Cada objeto de estudo exige técnicas e recursos diferentes para ser compreendido, daí a especificidade de cada ciência. Por exemplo, ao estudar os corpos celestes, os cientistas se valem de equipamentos como telescópios, sondas e modelos matemáticos. O estudo dos seres minúsculos requer o uso de microscópio. O estudo da cultura, da economia e da política, por seu turno, exige observações, entrevistas, aplicação de questionários, levantamento de documentos históricos. Ainda assim, as áreas do conhecimento se complementam, como quando as ciências sociais utilizam modelos matemáticos e estatísticos para compreender preferências políticas e econômicas ou a história e a arqueologia recorrem a exames laboratoriais para identificar a causa da morte de uma rainha ou a idade de um artefato.

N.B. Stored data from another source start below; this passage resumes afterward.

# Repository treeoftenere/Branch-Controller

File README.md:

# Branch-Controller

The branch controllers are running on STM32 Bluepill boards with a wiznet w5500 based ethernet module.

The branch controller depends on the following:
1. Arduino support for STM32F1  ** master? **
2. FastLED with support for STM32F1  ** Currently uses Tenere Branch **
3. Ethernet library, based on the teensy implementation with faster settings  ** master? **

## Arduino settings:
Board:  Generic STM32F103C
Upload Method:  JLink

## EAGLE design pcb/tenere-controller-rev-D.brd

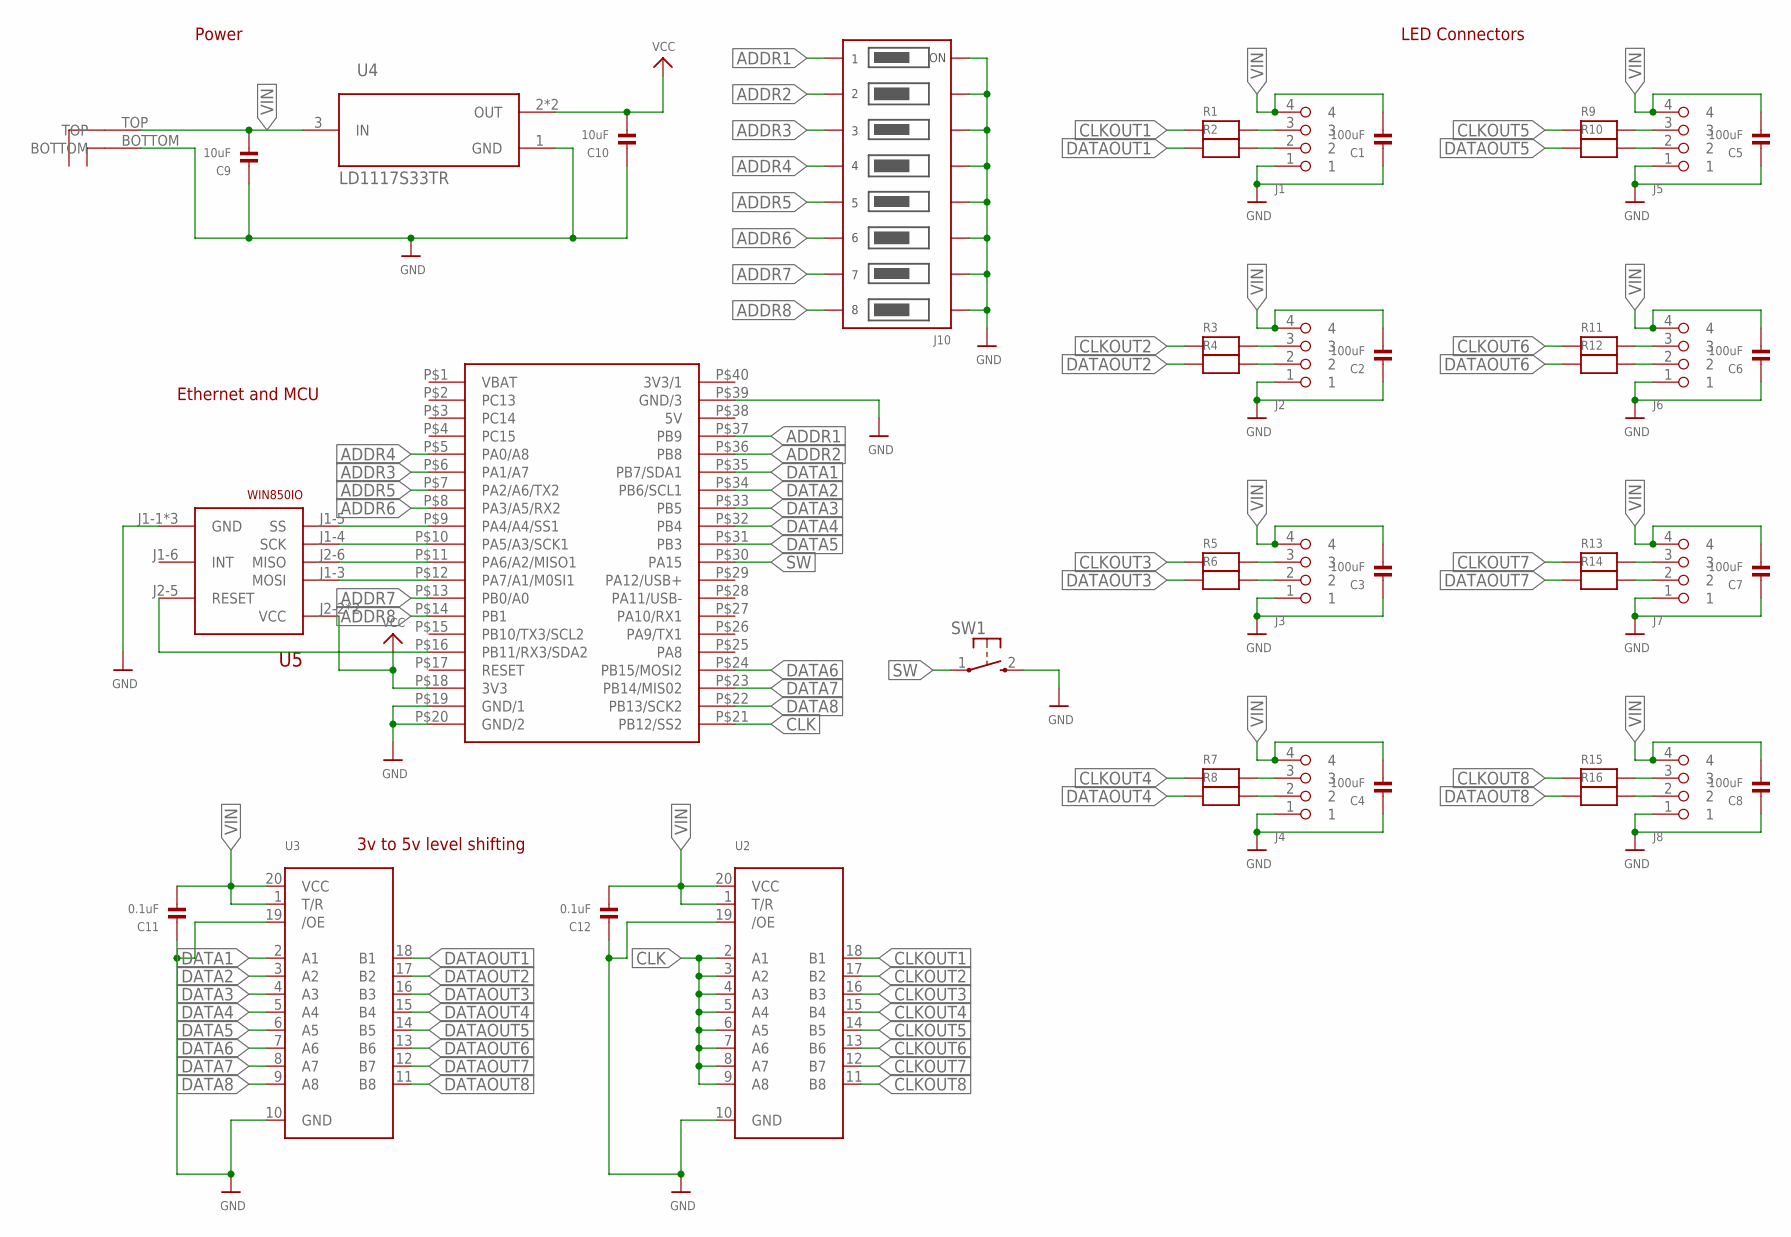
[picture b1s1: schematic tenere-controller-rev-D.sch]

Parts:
C1, C2, C3, C4, C5, C6, C7, C8: 100uF; 1206
C9, C10: 10uF; 0603
C11, C12: 0.1uF; 0603
J1, J2, J3, J4, J5, J6, J7, J8: MICROFIT3; 43650-0400
J9: POWERPOLE-2V; POWERPOLE_STACKED
J10: DIP-SWITCH-8PIN; BPA08B
R1, R2, R3, R4, R5, R6, R7, R8, R9, R10, R11, R12, R13, R14, R15, R16: RESISTOR0603; 0603
SW1: TACTILE-SWITCH-1825027; 1825027
U1: BLUEPILL; 40-DIP-BLUE-PIL
U2, U3: 74LCX245; TSSOP20
U4: LD1117S33TR; LD1117S33TR_SOT230P700X180-4N
U5: WIN850IO; WIZ850IO

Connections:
ADDR1: J10.1' (1B), U1.P$37 (PB9)
ADDR2: J10.2' (2B), U1.P$36 (PB8)
ADDR3: J10.3' (3B), U1.P$6 (PA1/A7)
ADDR4: J10.4' (4B), U1.P$5 (PA0/A8)
ADDR5: J10.5' (5B), U1.P$7 (PA2/A6/TX2)
ADDR6: J10.6' (6B), U1.P$8 (PA3/A5/RX2)
ADDR7: J10.7' (7B), U1.P$13 (PB0/A0)
ADDR8: J10.8' (8B), U1.P$14 (PB1)
CLK: U1.P$21 (PB12/SS2), U2.2 (A1), U2.3 (A2), U2.4 (A3), U2.5 (A4), U2.6 (A5), U2.7 (A6), U2.8 (A7), U2.9 (A8)
CLKOUT1: R1.1, U2.18 (B1)
CLKOUT2: R3.1, U2.17 (B2)
CLKOUT3: R5.1, U2.16 (B3)
CLKOUT4: R7.1, U2.15 (B4)
CLKOUT5: R9.1, U2.14 (B5)
CLKOUT6: R11.1, U2.13 (B6)
CLKOUT7: R13.1, U2.12 (B7)
CLKOUT8: R15.1, U2.11 (B8)
DATA1: U1.P$35 (PB7/SDA1), U3.2 (A1)
DATA2: U1.P$34 (PB6/SCL1), U3.3 (A2)
DATA3: U1.P$33 (PB5), U3.4 (A3)
DATA4: U1.P$32 (PB4), U3.5 (A4)
DATA5: U1.P$31 (PB3), U3.6 (A5)
DATA6: U1.P$24 (PB15/MOSI2), U3.7 (A6)
DATA7: U1.P$23 (PB14/MIS02), U3.8 (A7)
DATA8: U1.P$22 (PB13/SCK2), U3.9 (A8)
DATAOUT1: R2.1, U3.18 (B1)
DATAOUT2: R4.1, U3.17 (B2)
DATAOUT3: R6.1, U3.16 (B3)
DATAOUT4: R8.1, U3.15 (B4)
DATAOUT5: R10.1, U3.14 (B5)
DATAOUT6: R12.1, U3.13 (B6)
DATAOUT7: R14.1, U3.12 (B7)
DATAOUT8: R16.1, U3.11 (B8)
GND: C1.1, C2.1, C3.1, C4.1, C5.1, C6.1, C7.1, C8.1, C9.1, C10.1, C11.1, C12.1, J1.1, J2.1, J3.1, J4.1, J5.1, J6.1, J7.1, J8.1, J9.BOTTOM, J10.1 (1A), J10.2 (2A), J10.3 (3A), J10.4 (4A), J10.5 (5A), J10.6 (6A), J10.7 (7A), J10.8 (8A), SW1.2 (3), U1.P$19 (GND/1), U1.P$20 (GND/2), U1.P$39 (GND/3), U2.10 (GND), U2.19 (/OE), U3.10 (GND), U3.19 (/OE), U4.1 (GND), U5.J1-1 (GND), U5.J1-2 (GND), U5.J2-1 (GND)
unnamed: U1.P$9 (PA4/A4/SS1), U5.J1-5 (SS)
unnamed: U1.P$10 (PA5/A3/SCK1), U5.J1-4 (SCK)
unnamed: U1.P$11 (PA6/A2/MISO1), U5.J2-6 (MISO)
unnamed: U1.P$12 (PA7/A1/M0SI1), U5.J1-3 (MOSI)
unnamed: J1.3, R1.2
unnamed: J1.2, R2.2
unnamed: J2.3, R3.2
unnamed: J2.2, R4.2
unnamed: J3.3, R5.2
unnamed: J3.2, R6.2
unnamed: J4.3, R7.2
unnamed: J4.2, R8.2
unnamed: J5.3, R9.2
unnamed: J5.2, R10.2
unnamed: J6.3, R11.2
unnamed: J6.2, R12.2
unnamed: J7.3, R13.2
unnamed: J7.2, R14.2
unnamed: J8.3, R15.2
unnamed: J8.2, R16.2
unnamed: U1.P$16 (PB11/RX3/SDA2), U5.J2-5 (RESET)
SW: SW1.1, U1.P$30 (PA15)
VCC: C10.2, U1.P$18 (3V3), U4.2 (OUT), U4.4 (OUT), U5.J2-2 (VCC), U5.J2-3 (VCC)
VIN: C1.2, C2.2, C3.2, C4.2, C5.2, C6.2, C7.2, C8.2, C9.2, C11.2, C12.2, J1.4, J2.4, J3.4, J4.4, J5.4, J6.4, J7.4, J8.4, J9.TOP, U2.1 (T/R), U2.20 (VCC), U3.1 (T/R), U3.20 (VCC), U4.3 (IN)

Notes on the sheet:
LED Connectors
Power
Ethernet and MCU
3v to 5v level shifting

O que estou sugerindo, de fato, é que embora as ciências precisem se organizar em disciplinas a fim de poderem aprofundar o conhecimento em temas específicos, todos compartilhamos de uma mesma matriz. Além disso, o conhecimento se torna muito mais profundo, complexo e sofisticado quando reconhecemos a colocamos em prática a interdependência e a complementaridade científica. É notório que os maiores gênios não conheciam apenas sobre seus objetos de estudo mais estritos. Albert Einstein, por exemplo, escreveu belíssimos textos de análise social. René Descartes era filósofo, físico e matemático. Karl Marx conhecia densamente a mecânica por traz das máquinas da revolução industrial.
De tal maneira, o desejável é que nos tornemos profundamente interessados por qualquer conhecimento. O verdadeiro amante da ciência não se permite se enquadrar em caricaturas empobrecedoras como “sou de humanas” ou “sou de exatas. É necessário quebrar essa dicotomia, ensinar aos estudantes a importância e a complementaridade de todas as áreas do saber e, mais que tudo, reconhecer que o avanço social está intimamente associado ao investimento, ao respeito e à intersecção entre todas as ciências.
* A versão original deste texto foi publicada no Jornal Noroeste (Nova Esperança – PR).
** JOSIMAR PRIORI é Cientista Social, Doutor em Sociologia, professor do Instituto Federal do Paraná (IFPR) e autor de A luta faz a lei (Maringá, Eduem, 2017).